---- Available records

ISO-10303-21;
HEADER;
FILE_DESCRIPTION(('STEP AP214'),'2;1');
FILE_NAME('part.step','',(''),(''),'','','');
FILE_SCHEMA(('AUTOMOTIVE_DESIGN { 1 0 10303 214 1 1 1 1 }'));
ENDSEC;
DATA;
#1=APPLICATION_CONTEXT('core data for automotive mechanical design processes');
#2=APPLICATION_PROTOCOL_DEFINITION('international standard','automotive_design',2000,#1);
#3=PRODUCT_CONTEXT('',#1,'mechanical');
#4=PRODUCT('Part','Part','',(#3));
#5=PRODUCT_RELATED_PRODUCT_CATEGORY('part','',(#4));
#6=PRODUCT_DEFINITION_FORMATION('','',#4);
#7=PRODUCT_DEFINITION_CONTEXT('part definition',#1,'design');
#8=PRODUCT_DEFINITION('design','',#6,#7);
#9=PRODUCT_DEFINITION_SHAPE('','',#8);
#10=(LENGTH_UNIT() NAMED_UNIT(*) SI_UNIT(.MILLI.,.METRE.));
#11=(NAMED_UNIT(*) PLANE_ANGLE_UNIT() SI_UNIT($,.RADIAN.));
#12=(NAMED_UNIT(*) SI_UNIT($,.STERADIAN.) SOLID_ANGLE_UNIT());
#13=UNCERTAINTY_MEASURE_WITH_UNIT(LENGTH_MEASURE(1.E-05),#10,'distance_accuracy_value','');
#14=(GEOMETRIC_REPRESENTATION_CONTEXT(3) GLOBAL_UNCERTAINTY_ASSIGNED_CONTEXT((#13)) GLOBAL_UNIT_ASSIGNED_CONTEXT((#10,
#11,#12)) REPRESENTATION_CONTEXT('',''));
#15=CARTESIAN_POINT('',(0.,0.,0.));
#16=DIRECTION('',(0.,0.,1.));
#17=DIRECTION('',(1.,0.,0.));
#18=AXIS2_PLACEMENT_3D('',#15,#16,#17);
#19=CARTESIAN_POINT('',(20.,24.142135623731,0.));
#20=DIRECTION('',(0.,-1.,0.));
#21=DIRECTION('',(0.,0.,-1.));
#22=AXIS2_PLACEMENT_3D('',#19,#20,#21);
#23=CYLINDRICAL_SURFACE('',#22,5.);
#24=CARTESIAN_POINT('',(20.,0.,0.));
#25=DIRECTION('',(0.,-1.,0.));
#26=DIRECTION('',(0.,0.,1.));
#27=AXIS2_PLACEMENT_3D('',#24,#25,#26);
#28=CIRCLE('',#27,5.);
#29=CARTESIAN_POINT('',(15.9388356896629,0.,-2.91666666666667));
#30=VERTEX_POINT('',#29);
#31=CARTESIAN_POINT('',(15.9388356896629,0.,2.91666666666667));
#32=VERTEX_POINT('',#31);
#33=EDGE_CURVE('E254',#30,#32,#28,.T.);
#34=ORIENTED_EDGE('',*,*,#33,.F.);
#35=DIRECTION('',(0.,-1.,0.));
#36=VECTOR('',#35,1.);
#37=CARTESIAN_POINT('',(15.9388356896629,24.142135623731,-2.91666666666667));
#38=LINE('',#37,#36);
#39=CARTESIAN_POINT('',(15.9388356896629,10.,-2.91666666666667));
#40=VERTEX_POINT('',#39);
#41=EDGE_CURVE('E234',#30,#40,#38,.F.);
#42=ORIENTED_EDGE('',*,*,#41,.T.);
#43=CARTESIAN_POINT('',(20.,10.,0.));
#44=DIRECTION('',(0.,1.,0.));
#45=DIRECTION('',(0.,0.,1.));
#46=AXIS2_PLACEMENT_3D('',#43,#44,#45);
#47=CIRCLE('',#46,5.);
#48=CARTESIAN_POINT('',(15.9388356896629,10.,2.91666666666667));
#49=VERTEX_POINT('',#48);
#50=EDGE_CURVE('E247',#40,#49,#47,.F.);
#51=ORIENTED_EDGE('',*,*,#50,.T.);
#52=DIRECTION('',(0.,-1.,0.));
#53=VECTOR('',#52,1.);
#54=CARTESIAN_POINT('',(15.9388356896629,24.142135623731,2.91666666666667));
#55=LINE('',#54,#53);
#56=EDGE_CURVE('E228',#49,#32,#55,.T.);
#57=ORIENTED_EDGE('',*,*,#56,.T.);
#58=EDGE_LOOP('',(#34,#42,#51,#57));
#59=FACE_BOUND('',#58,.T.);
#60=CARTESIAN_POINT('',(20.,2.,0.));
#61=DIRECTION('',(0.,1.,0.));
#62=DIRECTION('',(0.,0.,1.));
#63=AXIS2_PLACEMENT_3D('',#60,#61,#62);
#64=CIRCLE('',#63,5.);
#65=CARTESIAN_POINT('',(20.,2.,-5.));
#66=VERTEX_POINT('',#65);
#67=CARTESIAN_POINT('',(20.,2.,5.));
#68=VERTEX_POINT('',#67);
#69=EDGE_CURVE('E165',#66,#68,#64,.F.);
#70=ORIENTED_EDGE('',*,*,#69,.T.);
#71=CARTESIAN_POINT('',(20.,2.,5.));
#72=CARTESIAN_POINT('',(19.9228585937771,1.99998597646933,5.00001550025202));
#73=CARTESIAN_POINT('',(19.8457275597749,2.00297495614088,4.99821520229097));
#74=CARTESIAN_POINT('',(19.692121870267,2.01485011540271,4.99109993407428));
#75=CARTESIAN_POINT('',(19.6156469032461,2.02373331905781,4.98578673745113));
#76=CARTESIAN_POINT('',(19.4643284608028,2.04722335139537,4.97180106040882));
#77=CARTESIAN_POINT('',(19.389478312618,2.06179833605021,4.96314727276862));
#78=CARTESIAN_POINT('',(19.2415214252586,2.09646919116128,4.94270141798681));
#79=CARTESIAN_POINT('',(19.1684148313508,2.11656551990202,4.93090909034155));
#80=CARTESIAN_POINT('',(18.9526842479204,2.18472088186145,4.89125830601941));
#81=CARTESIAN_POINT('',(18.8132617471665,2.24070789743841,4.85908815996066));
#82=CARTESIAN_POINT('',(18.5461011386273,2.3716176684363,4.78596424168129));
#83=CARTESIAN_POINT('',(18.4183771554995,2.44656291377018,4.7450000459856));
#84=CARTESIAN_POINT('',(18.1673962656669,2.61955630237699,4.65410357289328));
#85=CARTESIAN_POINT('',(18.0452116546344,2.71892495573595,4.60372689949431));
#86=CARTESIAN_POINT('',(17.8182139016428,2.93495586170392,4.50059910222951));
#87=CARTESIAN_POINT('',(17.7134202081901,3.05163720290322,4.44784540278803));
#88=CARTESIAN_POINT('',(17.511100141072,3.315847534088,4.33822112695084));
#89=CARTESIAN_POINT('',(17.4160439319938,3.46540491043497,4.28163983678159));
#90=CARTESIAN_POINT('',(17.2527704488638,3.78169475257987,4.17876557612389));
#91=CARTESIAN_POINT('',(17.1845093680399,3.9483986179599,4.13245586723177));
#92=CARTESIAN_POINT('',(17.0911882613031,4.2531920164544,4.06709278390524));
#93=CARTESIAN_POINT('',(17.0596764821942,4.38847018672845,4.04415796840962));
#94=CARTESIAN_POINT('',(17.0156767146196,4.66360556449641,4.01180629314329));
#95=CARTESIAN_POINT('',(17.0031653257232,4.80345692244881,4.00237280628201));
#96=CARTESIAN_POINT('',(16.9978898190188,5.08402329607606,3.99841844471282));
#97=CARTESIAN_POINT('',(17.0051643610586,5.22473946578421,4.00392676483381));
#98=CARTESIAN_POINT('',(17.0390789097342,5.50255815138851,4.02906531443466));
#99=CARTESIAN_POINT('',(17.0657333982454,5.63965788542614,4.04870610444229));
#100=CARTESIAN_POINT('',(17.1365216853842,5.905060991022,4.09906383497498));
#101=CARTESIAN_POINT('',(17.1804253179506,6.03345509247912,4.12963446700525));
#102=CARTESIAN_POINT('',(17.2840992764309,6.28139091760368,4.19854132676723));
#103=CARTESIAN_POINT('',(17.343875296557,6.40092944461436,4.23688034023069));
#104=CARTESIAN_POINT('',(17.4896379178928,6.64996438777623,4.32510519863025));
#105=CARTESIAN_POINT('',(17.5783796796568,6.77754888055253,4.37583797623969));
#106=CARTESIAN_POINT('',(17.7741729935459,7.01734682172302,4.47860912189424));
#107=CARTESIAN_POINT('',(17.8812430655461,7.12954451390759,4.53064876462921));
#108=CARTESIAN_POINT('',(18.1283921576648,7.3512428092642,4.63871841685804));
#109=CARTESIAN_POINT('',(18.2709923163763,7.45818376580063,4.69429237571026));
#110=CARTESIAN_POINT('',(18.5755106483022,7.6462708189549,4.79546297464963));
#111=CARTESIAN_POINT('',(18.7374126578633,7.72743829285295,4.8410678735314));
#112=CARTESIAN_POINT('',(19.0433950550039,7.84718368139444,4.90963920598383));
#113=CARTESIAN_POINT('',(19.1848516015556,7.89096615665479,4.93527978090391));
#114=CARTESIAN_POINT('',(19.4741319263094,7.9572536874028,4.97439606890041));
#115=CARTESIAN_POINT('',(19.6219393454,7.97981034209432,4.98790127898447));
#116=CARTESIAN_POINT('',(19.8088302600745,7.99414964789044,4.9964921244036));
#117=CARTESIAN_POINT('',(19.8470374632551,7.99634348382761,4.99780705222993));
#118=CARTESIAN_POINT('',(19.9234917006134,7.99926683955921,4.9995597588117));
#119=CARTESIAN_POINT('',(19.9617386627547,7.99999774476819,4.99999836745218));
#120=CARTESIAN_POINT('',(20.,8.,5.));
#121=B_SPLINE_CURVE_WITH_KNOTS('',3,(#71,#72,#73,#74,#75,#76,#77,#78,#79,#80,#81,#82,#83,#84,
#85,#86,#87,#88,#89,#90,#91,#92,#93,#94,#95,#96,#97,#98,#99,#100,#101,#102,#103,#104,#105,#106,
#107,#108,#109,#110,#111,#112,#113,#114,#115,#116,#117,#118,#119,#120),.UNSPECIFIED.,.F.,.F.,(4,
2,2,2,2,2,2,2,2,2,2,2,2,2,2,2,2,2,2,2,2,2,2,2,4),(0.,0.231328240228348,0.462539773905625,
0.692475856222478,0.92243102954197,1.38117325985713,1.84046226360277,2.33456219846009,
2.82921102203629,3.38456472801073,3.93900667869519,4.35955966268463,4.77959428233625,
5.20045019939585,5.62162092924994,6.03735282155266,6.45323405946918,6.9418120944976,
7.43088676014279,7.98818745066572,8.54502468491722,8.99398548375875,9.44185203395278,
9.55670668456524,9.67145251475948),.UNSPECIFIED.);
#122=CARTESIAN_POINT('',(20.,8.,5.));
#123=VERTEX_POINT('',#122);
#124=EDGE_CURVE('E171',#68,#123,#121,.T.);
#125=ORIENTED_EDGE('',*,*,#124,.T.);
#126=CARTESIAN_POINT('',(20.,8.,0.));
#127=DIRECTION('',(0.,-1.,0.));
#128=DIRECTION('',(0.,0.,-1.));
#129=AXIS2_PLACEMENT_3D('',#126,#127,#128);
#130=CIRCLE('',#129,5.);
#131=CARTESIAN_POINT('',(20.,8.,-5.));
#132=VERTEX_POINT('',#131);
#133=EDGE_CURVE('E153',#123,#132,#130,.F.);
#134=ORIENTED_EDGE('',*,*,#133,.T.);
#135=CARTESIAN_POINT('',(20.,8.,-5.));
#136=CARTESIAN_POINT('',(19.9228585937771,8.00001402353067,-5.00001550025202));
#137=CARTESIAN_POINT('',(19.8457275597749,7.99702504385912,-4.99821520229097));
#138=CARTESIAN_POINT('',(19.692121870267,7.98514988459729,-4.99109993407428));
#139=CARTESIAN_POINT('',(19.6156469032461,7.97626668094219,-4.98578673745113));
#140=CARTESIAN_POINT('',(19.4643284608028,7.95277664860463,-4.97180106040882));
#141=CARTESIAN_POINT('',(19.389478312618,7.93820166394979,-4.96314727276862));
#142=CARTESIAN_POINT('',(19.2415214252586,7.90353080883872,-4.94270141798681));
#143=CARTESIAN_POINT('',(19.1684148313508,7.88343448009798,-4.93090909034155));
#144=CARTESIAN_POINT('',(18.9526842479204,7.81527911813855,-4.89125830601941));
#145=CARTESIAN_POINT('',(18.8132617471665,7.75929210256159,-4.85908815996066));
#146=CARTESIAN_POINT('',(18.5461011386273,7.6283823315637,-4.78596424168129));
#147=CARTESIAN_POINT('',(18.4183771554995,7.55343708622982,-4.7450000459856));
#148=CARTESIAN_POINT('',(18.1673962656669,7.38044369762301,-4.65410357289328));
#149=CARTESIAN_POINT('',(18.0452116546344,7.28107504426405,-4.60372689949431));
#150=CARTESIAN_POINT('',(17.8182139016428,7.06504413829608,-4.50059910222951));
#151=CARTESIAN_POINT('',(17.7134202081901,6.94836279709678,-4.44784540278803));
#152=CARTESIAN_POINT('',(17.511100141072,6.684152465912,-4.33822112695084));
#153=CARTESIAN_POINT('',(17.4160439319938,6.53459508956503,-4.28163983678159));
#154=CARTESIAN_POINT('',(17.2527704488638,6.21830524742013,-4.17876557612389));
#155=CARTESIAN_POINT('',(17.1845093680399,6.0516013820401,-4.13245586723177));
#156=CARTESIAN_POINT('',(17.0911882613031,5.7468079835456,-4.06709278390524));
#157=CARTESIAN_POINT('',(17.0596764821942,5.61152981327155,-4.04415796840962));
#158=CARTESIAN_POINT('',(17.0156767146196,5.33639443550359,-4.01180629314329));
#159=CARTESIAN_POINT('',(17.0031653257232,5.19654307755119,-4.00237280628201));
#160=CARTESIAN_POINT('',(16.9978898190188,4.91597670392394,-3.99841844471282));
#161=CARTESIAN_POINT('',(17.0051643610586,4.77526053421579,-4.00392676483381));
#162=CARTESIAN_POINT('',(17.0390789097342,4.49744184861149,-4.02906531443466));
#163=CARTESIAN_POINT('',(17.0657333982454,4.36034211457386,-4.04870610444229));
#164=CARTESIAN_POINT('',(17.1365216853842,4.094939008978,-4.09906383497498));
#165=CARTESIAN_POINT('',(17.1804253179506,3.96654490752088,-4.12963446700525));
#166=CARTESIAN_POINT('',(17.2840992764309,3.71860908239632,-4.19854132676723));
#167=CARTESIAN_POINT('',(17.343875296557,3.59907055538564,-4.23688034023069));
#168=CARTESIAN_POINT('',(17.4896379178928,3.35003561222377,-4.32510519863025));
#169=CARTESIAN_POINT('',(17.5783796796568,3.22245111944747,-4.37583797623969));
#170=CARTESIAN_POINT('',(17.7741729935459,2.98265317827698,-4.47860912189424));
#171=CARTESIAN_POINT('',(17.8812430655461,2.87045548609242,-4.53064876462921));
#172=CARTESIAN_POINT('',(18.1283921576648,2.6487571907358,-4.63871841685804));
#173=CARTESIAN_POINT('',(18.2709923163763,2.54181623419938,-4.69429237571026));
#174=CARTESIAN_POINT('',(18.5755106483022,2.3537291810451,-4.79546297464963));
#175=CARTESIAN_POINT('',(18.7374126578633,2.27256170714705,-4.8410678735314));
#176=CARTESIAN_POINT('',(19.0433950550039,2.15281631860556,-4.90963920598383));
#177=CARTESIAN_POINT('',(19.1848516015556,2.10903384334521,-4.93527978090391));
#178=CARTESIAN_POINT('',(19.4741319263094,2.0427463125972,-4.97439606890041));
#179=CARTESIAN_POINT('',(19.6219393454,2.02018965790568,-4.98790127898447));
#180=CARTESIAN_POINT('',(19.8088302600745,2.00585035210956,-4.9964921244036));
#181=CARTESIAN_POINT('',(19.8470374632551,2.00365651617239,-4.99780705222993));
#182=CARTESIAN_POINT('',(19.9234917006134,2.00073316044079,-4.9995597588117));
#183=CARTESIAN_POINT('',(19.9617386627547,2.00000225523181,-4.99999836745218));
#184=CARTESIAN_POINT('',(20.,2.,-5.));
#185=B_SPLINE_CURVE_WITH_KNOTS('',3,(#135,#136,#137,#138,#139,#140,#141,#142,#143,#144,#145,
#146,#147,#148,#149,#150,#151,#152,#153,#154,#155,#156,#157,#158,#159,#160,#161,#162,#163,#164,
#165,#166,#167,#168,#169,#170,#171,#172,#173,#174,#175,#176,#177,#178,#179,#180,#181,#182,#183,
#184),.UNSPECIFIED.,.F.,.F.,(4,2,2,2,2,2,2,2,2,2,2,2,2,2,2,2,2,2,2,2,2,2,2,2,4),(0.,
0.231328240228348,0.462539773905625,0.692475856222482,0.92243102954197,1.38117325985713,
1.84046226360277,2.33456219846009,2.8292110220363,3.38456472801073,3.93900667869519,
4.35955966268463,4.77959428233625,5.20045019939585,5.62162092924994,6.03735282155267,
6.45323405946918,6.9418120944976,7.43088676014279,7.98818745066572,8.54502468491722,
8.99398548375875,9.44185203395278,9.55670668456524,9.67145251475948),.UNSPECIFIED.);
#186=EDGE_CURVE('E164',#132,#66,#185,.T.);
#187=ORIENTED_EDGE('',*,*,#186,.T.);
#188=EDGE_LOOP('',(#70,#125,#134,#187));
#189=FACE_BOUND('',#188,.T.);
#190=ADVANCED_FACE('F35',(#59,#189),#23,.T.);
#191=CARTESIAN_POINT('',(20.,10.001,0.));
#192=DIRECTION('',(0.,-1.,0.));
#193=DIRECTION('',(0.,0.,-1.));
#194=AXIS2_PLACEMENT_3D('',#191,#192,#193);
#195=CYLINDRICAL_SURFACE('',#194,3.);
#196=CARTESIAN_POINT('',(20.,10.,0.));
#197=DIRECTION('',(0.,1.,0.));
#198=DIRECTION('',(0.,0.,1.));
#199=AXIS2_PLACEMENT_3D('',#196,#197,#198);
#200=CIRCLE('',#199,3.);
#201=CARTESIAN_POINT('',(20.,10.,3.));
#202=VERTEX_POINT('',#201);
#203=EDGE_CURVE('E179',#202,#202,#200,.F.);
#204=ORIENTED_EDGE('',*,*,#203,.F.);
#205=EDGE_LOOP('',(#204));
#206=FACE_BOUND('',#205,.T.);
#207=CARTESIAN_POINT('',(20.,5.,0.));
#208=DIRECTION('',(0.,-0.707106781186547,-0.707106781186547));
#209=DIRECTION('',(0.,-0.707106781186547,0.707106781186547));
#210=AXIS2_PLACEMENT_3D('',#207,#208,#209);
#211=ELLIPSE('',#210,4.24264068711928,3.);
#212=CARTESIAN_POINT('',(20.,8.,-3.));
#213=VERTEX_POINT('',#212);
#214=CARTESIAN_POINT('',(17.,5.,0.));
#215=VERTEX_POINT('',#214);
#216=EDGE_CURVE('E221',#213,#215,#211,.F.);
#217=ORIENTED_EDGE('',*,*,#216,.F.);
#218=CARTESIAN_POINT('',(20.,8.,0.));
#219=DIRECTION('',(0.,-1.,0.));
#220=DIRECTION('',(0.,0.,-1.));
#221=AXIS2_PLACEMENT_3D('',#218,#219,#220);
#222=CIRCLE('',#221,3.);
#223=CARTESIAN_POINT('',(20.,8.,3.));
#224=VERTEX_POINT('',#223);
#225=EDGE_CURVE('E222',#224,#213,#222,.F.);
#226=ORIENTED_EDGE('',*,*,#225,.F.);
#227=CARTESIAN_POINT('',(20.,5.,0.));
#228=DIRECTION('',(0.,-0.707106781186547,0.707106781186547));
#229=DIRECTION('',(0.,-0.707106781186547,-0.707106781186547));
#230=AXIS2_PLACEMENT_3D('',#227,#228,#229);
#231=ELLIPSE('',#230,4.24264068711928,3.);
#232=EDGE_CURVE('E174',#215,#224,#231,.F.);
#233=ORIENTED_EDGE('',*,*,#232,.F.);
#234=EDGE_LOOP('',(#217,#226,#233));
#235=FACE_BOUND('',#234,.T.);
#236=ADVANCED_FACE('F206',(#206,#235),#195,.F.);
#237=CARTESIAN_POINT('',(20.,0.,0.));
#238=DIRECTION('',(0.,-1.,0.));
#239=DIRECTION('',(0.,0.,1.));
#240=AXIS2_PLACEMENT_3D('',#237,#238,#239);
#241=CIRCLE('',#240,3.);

--------

## Goal of the exercise:
Scan the records above for the lines holding "#186=EDGE_CURVE('E164',#132,#66,#185,.T.);" and "#203=EDGE_CURVE('E179',#202,#202,#200,.F.);". Transcribe those two and every line between them word for word, and no others.

## Task response:
#186=EDGE_CURVE('E164',#132,#66,#185,.T.);
#187=ORIENTED_EDGE('',*,*,#186,.T.);
#188=EDGE_LOOP('',(#70,#125,#134,#187));
#189=FACE_BOUND('',#188,.T.);
#190=ADVANCED_FACE('F35',(#59,#189),#23,.T.);
#191=CARTESIAN_POINT('',(20.,10.001,0.));
#192=DIRECTION('',(0.,-1.,0.));
#193=DIRECTION('',(0.,0.,-1.));
#194=AXIS2_PLACEMENT_3D('',#191,#192,#193);
#195=CYLINDRICAL_SURFACE('',#194,3.);
#196=CARTESIAN_POINT('',(20.,10.,0.));
#197=DIRECTION('',(0.,1.,0.));
#198=DIRECTION('',(0.,0.,1.));
#199=AXIS2_PLACEMENT_3D('',#196,#197,#198);
#200=CIRCLE('',#199,3.);
#201=CARTESIAN_POINT('',(20.,10.,3.));
#202=VERTEX_POINT('',#201);
#203=EDGE_CURVE('E179',#202,#202,#200,.F.);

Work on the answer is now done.